Checks that data is fresh by verifying the most recent value in a date column is within a specified interval:

models:
- name: base__stripe__charges
data_tests:
- dbt_utils.recency:
datepart: hour
field: charge__created_at
interval: 24

This test fails if the newest row in charge__created_at is more than 24 hours old. Set datepart to match your data’s natural granularity.

This is a model-level freshness check, distinct from source freshness checks. Source freshness (dbt source freshness) checks whether the source was recently loaded. recency checks whether the model’s output contains recent data, which also catches transformation bugs that accidentally filter out recent rows.

Complete Test Reference

TestWhat it validates
unique_combination_of_columnsNo repeated combination of the specified columns
accepted_rangeNumeric values fall within min/max bounds
expression_is_trueAn arbitrary SQL expression is true for every row
recencyMost recent value in a date column is within N dateparts
at_least_oneAt least one non-null value exists in the column
not_constantValues vary — not all rows have the same value
not_null_proportionNull rate does not exceed a threshold (e.g., at_least: 0.95)
relationships_whereFiltered referential integrity with a WHERE clause
mutually_exclusive_rangesDate/number ranges have no overlaps (both bounds must be NOT NULL)
sequential_valuesA sequence column has no gaps
equal_rowcountTwo relations have the same row count
fewer_rows_thanRelation A has strictly fewer rows than relation B
equalityFull model comparison (with optional precision for numeric columns)
not_accepted_valuesInverse of accepted_values — values are not in the specified list
not_empty_stringStrings are non-empty (with trim_whitespace option)
cardinality_equalityTwo columns have the same number of distinct values

Tests Worth Knowing More About

not_null_proportion is useful where hard not_null is too strict. An email column with 5% nulls might be acceptable; 40% nulls might indicate a broken pipeline. Set a threshold and test against it:

- dbt_utils.not_null_proportion:
at_least: 0.95

mutually_exclusive_ranges validates that a table of intervals (date ranges, price tiers, validity periods) has no overlaps. A billing system that accidentally generates two active pricing tiers is a category of bug this test catches directly.

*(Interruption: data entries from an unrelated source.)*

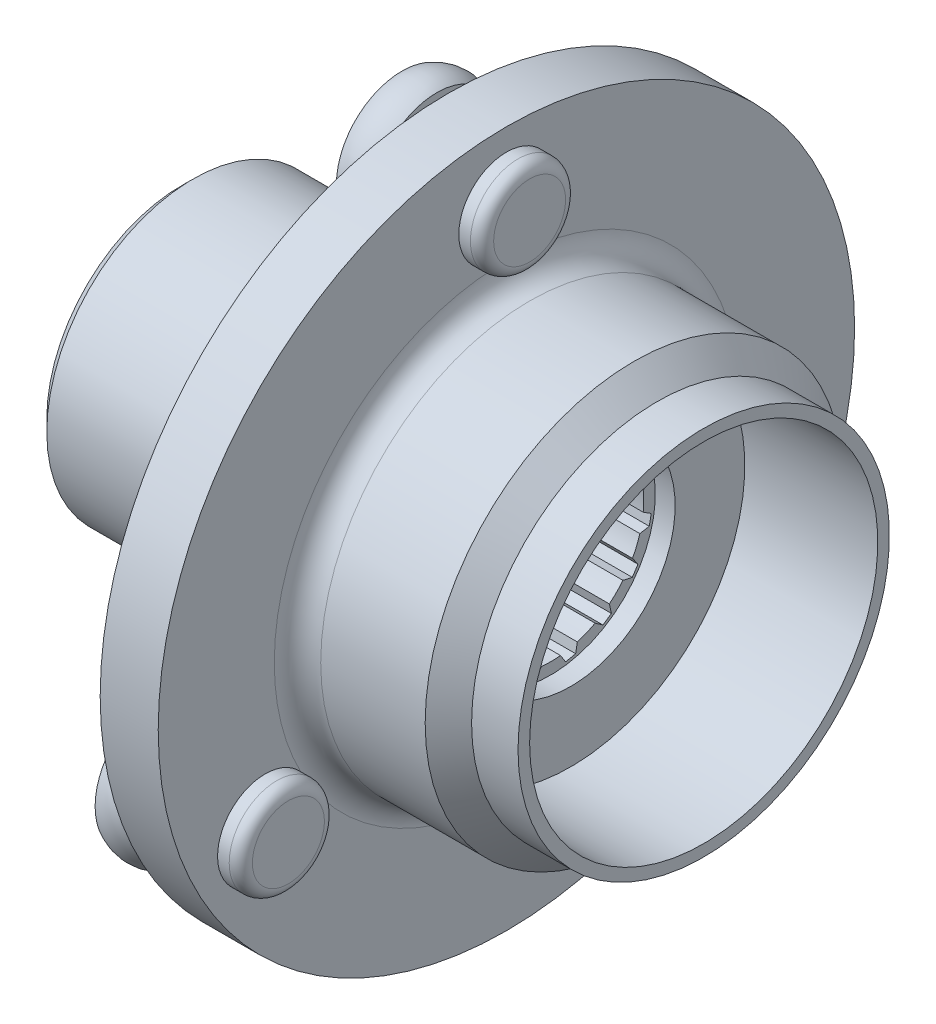
from build123d import *

# Parameters (mm, degrees)
R_P_TITION_CIRCULAIRE1_COUNT = 3
ENL_V_MAT_EXTRU_1_DEPTH      = 28.852674991
R_P_TITION_CIRCULAIRE2_COUNT = 16


with BuildPart() as part:
    # Esquisse1 → Base-Révolution (revolve)
    with BuildSketch(Plane.XY, mode=Mode.PRIVATE) as base_r_volution_sk:
        with BuildLine():
            Line((0, 6.5), (0, 15))
            Line((0, 15), (2.5, 15))
            Line((2.5, 15), (2.5, 10))
            ThreePointArc((2.5, 10), (2.792893219, 9.292893219), (3.5, 9))
            Line((3.5, 9), (8, 9))
            Line((8, 9), (9, 8))
            Line((9, 8), (11, 8))
            Line((11, 8), (11, 7.5))
            Line((11, 7.5), (5.270857301, 7.5))
            Line((5.270857301, 7.5), (5.270857301, 4.5))
            Line((5.270857301, 4.5), (4.414683801, 4.5))
            Line((4.414683801, 4.5), (4.414683801, 4))
            Line((4.414683801, 4), (-7.048528061, 4))
            Line((-7.048528061, 4), (-7.048528061, 4.5))
            Line((-7.048528061, 4.5), (-11.015640849, 4.5))
            Line((-11.015640849, 4.5), (-11.5, 4.984359151))
            Line((-11.5, 4.984359151), (-11.5, 5.8))
            Line((-11.5, 5.8), (-11, 6.3))
            Line((-11, 6.3), (-4, 6.3))
            Line((-4, 6.3), (-4, 6.5))
            Line((-4, 6.5), (0, 6.5))
        make_face()
    revolve(base_r_volution_sk.sketch.rotate(Axis((0, 0, 0), (1, 0, 0)), 90), axis=Axis((0, 0, 0), (1, 0, 0)))

    # Esquisse2 → Boss.-Révol.1 (revolve)
    with BuildSketch(Plane.XY, mode=Mode.PRIVATE) as boss_r_vol_1_sk:
        with BuildLine():
            Line((-2, 14.825926515), (-2, 12))
            Line((-2, 12), (3.5, 12))
            Line((3.5, 12), (3.5, 13.549844237))
            ThreePointArc((3.5, 13.549844237), (3.353553391, 13.903397627), (3, 14.049844237))
            Line((3, 14.049844237), (2.5, 14.049844237))
            Line((2.5, 14.049844237), (2.5, 13.5))
            Line((2.5, 13.5), (-0.5, 13.5))
            Line((-0.5, 13.5), (-0.5, 14.77158125))
            ThreePointArc((-0.5, 14.77158125), (-1.242717735, 14.999753862), (-2, 14.825926515))
        make_face()
    boss_r_vol_1 = revolve(boss_r_vol_1_sk.sketch.rotate(Axis((-4, 12, 0), (1, 0, 0)), 90), axis=Axis((-4, 12, 0), (1, 0, 0)))

    # Répétition circulaire1: Boss.-Révol.1 ×3 about axis
    r_p_tition_circulaire1_axis = Axis((0, 0, 0), (1, 0, 0))
    for i in range(1, R_P_TITION_CIRCULAIRE1_COUNT):
        add(boss_r_vol_1.rotate(r_p_tition_circulaire1_axis, i * 360 / R_P_TITION_CIRCULAIRE1_COUNT))

    # Esquisse3 → Enlèv. mat.-Extru.1 (cut, through all)
    with BuildSketch(Plane.ZY.offset(7.048528061)):
        Polygon((-0.28620955, 3.776566067), (-0.634766699, 4.324785757), (-1.068575897, 4.238495742), (-1.18080612, 3.598619746), align=None)
    enl_v_mat_extru_1 = extrude(amount=-ENL_V_MAT_EXTRU_1_DEPTH, mode=Mode.SUBTRACT)

    # Répétition circulaire2: Enlèv. mat.-Extru.1 ×16 about axis
    r_p_tition_circulaire2_axis = Axis((0, 0, 0), (1, 0, 0))
    for i in range(1, R_P_TITION_CIRCULAIRE2_COUNT):
        add(enl_v_mat_extru_1.rotate(r_p_tition_circulaire2_axis, i * 360 / R_P_TITION_CIRCULAIRE2_COUNT), mode=Mode.SUBTRACT)


solid = part.part

equality compares two models row-by-row. It’s the right tool for validating a refactored model produces identical output to its predecessor — essential during migrations. The precision argument handles floating-point comparison correctly rather than requiring exact equality on computed numerics.

relationships_where is the filtered version of the built-in relationships test. Use it when referential integrity only applies for a subset of rows:

- dbt_utils.relationships_where:
to: ref('mrt__core__products')
field: product__id
from_condition: "order__status != 'cancelled'"

group_by_columns

Several tests support a group_by_columns parameter that validates the test condition within each group separately. This is useful for segmented validation — checking freshness per data source, or confirming row counts match per region:

Tests that support group_by_columns: equal_rowcount, fewer_rows_than, recency, at_least_one, not_constant, sequential_values, not_null_proportion.

- dbt_utils.recency:
datepart: hour
field: charge__created_at
interval: 24
group_by_columns:
- payment__processor

This checks that each distinct payment__processor value has recent data, rather than checking the table as a whole. A single active processor masks a dormant one without this parameter.